## Brief
Leaving out every picture, copy the lines of the data exactly, from the first through the line containing "[diagram v0a: part of the schematic, before]".

▬▬▬

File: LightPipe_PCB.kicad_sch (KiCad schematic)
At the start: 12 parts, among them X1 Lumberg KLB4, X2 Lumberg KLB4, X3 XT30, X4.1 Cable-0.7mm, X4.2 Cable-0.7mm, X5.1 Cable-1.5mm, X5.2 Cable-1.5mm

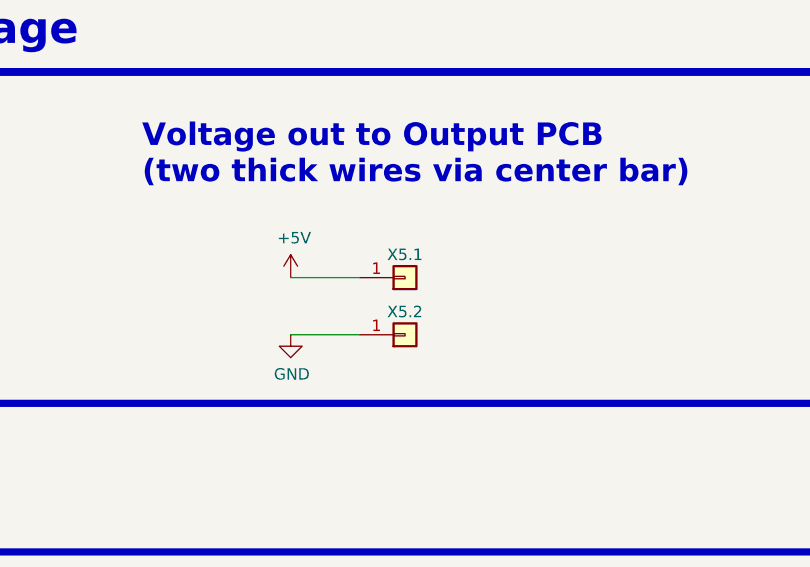
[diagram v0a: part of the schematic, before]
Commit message: Optimized schematic and PCB by checking Gerber Data
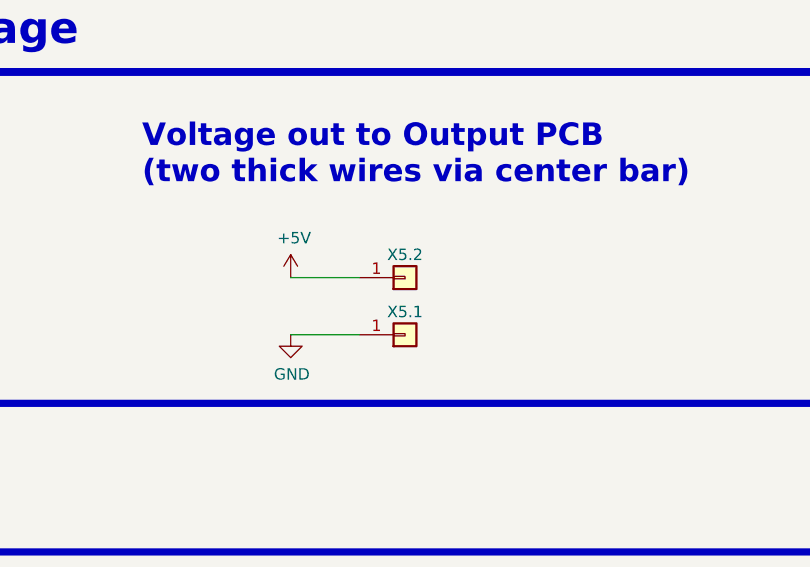
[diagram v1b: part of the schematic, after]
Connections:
- net +5V: now also X5.2.1 (Pin_1); no longer X5.1.1 (Pin_1)
- net GND: now also X5.1.1 (Pin_1); no longer X5.2.1 (Pin_1)
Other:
- title: LightPipe Input/Output PCB -> LightPipe In/Out PCB
- moved on the sheet: X5.1, X5.2
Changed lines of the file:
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@@
   (paper "A4")
   (title_block
-    (title "LightPipe Input/Output PCB")
-    (date "2023-04-07")
-    (rev "v0.1.1")
+    (title "LightPipe In/Out PCB")
+    (date "2023-10-26")
+    (rev "v0.1.2")
     (company "HansAchterbahn")
   )
@@
     (stroke (width 0.8) (type solid))
   )
+  (wire (pts (xy 176.53 59.69) (xy 184.15 59.69))
+    (stroke (width 0) (type default))
+  )
   (polyline (pts (xy 15.24 30.48) (xy 280.67 30.48))
     (stroke (width 0.8) (type solid))
@@
   (polyline (pts (xy 280.67 30.48) (xy 280.67 67.31))
     (stroke (width 0.8) (type solid))
-  )
-  (wire (pts (xy 176.53 59.69) (xy 184.15 59.69))
-    (stroke (width 0) (type default))
   )
   (polyline (pts (xy 280.67 30.48) (xy 15.24 30.48))
@@
     )
   )
-  (symbol (lib_id "Connector_Generic:Conn_01x01") (at 189.23 53.34 0) (mirror x) (unit 1)
+  (symbol (lib_id "Connector_Generic:Conn_01x01") (at 189.23 59.69 0) (mirror x) (unit 1)
     (in_bom no) (on_board yes) (dnp no)
-    (property "Reference" "X5.1" (at 189.23 50.8 0)
-      (effects (font (size 1.27 1.27)))
-    )
-    (property "Value" "Cable-1.5mm" (at 187.198 49.9364 0)
-      (effects (font (size 1.27 1.27)) hide)
-    )
-    (property "Footprint" "h8-Connectors:Solder-Pad-THT-1.5mm" (at 189.23 53.34 0)
-      (effects (font (size 1.27 1.27)) hide)
-    )
-    (property "Datasheet" "~" (at 189.23 53.34 0)
+    (property "Reference" "X5.1" (at 189.23 57.15 0)
+      (effects (font (size 1.27 1.27)))
+    )
+    (property "Value" "Cable-1.5mm" (at 187.198 56.2864 0)
+      (effects (font (size 1.27 1.27)) hide)
+    )
+    (property "Footprint" "h8-Connectors:Solder-Pad-THT-1.5mm" (at 189.23 59.69 0)
+      (effects (font (size 1.27 1.27)) hide)
+    )
+    (property "Datasheet" "~" (at 189.23 59.69 0)
       (effects (font (size 1.27 1.27)) hide)
     )
@@
     )
   )
-  (symbol (lib_id "Connector_Generic:Conn_01x01") (at 189.23 59.69 0) (mirror x) (unit 1)
+  (symbol (lib_id "Connector_Generic:Conn_01x01") (at 189.23 53.34 0) (mirror x) (unit 1)
     (in_bom no) (on_board yes) (dnp no)
-    (property "Reference" "X5.2" (at 189.23 57.15 0)
-      (effects (font (size 1.27 1.27)))
-    )
-    (property "Value" "Cable-1.5mm" (at 187.198 56.2864 0)
-      (effects (font (size 1.27 1.27)) hide)
-    )
-    (property "Footprint" "h8-Connectors:Solder-Pad-THT-1.5mm" (at 189.23 59.69 0)
-      (effects (font (size 1.27 1.27)) hide)
-    )
-    (property "Datasheet" "~" (at 189.23 59.69 0)
-      (effects (font (size 1.27 1.27)) hide)
-    )
+    (property "Reference" "X5.2" (at 189.23 50.8 0)
+      (effects (font (size 1.27 1.27)))
+    )
+    (property "Value" "Cable-1.5mm" (at 187.198 49.9364 0)
+      (effects (font (size 1.27 1.27)) hide)
+    )
+    (property "Footprint" "h8-Connectors:Solder-Pad-THT-1.5mm" (at 189.23 53.34 0)
+      (effects (font (size 1.27 1.27)) hide)
+    )
+    (property "Datasheet" "~" (at 189.23 53.34 0)
+      (effects (font (size 1.27 1.27)) hide)
+    )

▬▬▬

## Your solution
File: LightPipe_PCB.kicad_sch (KiCad schematic)
At the start: 12 parts, among them X1 Lumberg KLB4, X2 Lumberg KLB4, X3 XT30, X4.1 Cable-0.7mm, X4.2 Cable-0.7mm, X5.1 Cable-1.5mm, X5.2 Cable-1.5mm

[diagram v0a: part of the schematic, before]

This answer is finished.